#### [EXCERPTED RECORDS]

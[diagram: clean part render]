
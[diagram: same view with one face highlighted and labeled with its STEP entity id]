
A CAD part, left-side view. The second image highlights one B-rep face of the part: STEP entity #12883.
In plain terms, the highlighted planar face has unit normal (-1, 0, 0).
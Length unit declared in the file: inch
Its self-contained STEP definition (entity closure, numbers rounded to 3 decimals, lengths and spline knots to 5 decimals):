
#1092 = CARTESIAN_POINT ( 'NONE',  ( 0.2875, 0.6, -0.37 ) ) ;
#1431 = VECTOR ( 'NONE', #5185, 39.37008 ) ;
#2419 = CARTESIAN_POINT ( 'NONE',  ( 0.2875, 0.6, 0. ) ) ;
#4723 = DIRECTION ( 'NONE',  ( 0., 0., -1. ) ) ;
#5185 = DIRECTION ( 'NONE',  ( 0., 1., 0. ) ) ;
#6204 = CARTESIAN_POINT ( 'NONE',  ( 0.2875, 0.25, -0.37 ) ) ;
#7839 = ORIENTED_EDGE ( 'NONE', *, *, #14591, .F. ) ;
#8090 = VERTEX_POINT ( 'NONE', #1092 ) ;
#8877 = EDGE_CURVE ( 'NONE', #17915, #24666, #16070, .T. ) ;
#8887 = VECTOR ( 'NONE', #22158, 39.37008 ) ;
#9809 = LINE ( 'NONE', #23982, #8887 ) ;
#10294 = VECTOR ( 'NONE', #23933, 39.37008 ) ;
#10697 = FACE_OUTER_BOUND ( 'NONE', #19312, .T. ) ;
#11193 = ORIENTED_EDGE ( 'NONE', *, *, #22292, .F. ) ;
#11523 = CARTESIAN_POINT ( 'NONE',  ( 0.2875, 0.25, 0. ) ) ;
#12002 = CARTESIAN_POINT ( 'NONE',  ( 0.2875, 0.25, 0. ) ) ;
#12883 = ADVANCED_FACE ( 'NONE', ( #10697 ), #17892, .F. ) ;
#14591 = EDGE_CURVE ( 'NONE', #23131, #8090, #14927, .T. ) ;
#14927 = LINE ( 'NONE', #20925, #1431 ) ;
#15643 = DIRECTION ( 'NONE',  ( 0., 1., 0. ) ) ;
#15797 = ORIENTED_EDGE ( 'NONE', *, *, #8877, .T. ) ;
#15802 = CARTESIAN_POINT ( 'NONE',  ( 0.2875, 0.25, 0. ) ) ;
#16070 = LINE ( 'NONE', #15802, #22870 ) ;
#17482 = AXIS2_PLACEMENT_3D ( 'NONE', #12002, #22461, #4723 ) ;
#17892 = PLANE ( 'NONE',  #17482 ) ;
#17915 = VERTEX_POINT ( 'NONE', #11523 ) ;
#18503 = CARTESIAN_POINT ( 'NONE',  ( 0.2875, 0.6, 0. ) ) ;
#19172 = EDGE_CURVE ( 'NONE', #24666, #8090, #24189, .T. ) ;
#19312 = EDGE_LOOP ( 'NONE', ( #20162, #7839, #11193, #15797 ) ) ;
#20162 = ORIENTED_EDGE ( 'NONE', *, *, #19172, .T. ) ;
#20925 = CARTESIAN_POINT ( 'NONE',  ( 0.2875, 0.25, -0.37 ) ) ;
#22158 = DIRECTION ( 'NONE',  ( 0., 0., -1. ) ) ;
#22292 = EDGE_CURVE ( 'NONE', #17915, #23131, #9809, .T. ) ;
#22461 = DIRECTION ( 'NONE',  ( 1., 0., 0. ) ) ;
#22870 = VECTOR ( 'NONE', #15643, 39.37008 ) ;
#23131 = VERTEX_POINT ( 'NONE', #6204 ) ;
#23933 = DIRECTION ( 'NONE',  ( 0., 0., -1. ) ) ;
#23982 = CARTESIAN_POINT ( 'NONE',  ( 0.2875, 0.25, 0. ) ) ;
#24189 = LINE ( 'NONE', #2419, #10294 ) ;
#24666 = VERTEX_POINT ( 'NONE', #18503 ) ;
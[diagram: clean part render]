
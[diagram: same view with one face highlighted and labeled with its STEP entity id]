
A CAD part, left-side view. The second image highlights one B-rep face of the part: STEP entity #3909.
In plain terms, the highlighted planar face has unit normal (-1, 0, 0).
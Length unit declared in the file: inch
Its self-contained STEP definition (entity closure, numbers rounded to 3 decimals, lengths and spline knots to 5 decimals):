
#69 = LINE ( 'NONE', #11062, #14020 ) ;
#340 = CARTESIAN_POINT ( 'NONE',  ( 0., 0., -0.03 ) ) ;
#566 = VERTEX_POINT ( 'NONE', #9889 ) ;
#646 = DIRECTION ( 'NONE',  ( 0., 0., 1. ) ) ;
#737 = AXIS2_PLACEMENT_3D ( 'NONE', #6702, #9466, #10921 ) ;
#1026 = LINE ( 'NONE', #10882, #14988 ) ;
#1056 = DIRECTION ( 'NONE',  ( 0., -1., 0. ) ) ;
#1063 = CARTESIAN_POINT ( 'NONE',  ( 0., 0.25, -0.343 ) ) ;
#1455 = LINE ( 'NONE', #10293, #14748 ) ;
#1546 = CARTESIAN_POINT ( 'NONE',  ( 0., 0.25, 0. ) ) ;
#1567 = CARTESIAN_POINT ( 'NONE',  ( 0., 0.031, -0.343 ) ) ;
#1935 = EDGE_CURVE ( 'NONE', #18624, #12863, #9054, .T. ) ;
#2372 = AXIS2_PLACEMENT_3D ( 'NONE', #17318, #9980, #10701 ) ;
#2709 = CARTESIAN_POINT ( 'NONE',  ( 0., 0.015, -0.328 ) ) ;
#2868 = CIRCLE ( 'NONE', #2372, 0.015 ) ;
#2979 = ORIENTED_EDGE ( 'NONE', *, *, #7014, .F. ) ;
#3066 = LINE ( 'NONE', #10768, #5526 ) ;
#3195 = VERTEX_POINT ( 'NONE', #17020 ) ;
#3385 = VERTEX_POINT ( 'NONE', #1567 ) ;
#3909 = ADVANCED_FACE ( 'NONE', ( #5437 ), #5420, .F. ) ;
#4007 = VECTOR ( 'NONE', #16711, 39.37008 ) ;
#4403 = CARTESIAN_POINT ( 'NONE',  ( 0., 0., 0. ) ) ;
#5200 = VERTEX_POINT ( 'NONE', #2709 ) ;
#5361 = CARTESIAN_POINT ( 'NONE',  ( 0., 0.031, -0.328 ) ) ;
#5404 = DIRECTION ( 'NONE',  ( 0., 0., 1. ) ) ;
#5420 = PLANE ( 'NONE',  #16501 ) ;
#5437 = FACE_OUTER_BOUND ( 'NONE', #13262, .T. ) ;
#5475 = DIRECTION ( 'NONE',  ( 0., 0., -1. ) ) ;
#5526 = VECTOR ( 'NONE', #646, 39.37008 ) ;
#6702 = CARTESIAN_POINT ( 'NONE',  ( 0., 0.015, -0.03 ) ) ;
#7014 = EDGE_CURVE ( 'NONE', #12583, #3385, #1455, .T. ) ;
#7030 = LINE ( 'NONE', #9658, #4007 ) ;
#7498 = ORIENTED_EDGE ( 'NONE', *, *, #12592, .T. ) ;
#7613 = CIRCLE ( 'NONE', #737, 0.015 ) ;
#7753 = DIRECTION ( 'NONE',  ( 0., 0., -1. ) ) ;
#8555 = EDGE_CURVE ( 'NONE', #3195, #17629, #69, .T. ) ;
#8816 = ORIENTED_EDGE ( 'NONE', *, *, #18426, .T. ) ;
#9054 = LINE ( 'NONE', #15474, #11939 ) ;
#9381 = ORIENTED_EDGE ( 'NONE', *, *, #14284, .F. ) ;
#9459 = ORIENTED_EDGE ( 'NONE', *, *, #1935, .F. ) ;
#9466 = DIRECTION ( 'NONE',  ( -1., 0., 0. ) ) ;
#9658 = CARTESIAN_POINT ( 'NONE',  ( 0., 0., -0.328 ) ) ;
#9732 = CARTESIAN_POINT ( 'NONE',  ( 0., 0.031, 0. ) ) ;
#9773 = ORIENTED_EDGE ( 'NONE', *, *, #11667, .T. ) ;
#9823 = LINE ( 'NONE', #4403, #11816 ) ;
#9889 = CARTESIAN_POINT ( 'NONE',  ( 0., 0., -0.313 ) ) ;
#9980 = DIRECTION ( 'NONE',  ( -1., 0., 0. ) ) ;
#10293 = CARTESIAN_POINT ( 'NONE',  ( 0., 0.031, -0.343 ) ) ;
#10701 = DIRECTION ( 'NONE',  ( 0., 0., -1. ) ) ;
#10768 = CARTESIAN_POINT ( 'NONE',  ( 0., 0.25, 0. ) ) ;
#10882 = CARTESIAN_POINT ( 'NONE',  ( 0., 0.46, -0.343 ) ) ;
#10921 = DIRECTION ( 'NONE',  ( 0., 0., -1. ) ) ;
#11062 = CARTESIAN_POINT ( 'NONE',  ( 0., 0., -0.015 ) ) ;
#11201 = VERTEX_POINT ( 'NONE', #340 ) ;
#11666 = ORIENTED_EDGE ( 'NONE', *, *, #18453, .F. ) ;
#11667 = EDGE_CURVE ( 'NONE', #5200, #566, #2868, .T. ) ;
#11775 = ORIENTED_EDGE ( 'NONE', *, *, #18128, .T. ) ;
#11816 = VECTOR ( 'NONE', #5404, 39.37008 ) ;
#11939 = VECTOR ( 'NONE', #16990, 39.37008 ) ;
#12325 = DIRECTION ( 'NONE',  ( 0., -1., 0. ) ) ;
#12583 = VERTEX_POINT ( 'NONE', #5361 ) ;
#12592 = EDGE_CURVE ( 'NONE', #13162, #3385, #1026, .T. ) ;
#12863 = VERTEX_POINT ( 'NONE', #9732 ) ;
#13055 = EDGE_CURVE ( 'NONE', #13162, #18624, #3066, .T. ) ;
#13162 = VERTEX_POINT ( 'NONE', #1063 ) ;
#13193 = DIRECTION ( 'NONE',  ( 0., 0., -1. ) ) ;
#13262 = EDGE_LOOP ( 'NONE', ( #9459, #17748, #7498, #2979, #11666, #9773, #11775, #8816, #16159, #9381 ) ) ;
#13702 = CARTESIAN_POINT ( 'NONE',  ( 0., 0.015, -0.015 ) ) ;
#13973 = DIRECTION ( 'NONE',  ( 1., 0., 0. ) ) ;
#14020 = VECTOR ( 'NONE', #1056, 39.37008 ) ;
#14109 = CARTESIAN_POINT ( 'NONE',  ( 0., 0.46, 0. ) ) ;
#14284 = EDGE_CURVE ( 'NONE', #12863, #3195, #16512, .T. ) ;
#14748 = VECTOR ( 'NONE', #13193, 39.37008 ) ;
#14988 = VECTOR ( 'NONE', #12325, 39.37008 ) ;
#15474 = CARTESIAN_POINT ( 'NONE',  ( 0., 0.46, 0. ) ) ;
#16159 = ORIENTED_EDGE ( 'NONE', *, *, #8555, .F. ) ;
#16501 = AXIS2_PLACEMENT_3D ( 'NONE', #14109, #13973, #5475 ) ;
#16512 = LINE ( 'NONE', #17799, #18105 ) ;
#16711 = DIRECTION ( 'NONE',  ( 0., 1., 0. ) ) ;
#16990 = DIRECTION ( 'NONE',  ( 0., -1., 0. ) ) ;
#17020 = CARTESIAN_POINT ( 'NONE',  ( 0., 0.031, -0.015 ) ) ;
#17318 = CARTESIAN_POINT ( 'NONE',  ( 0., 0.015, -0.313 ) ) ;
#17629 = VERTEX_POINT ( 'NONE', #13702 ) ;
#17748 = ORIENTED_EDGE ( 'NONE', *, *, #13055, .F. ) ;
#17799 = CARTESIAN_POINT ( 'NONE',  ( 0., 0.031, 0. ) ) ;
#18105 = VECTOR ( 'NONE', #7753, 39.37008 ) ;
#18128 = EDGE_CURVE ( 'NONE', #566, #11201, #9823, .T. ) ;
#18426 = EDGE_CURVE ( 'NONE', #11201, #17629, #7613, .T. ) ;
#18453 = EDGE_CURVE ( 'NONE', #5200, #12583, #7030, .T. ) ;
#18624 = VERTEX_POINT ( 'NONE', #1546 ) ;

#### [TASK GOAL]
Above are the records; print exactly the lines from the line with "#11062 = CARTESIAN_POINT" to the line with "#11775 = ORIENTED_EDGE", including both, and nothing else.

#### [EXERCISE ANSWER]
#11062 = CARTESIAN_POINT ( 'NONE',  ( 0., 0., -0.015 ) ) ;
#11201 = VERTEX_POINT ( 'NONE', #340 ) ;
#11666 = ORIENTED_EDGE ( 'NONE', *, *, #18453, .F. ) ;
#11667 = EDGE_CURVE ( 'NONE', #5200, #566, #2868, .T. ) ;
#11775 = ORIENTED_EDGE ( 'NONE', *, *, #18128, .T. ) ;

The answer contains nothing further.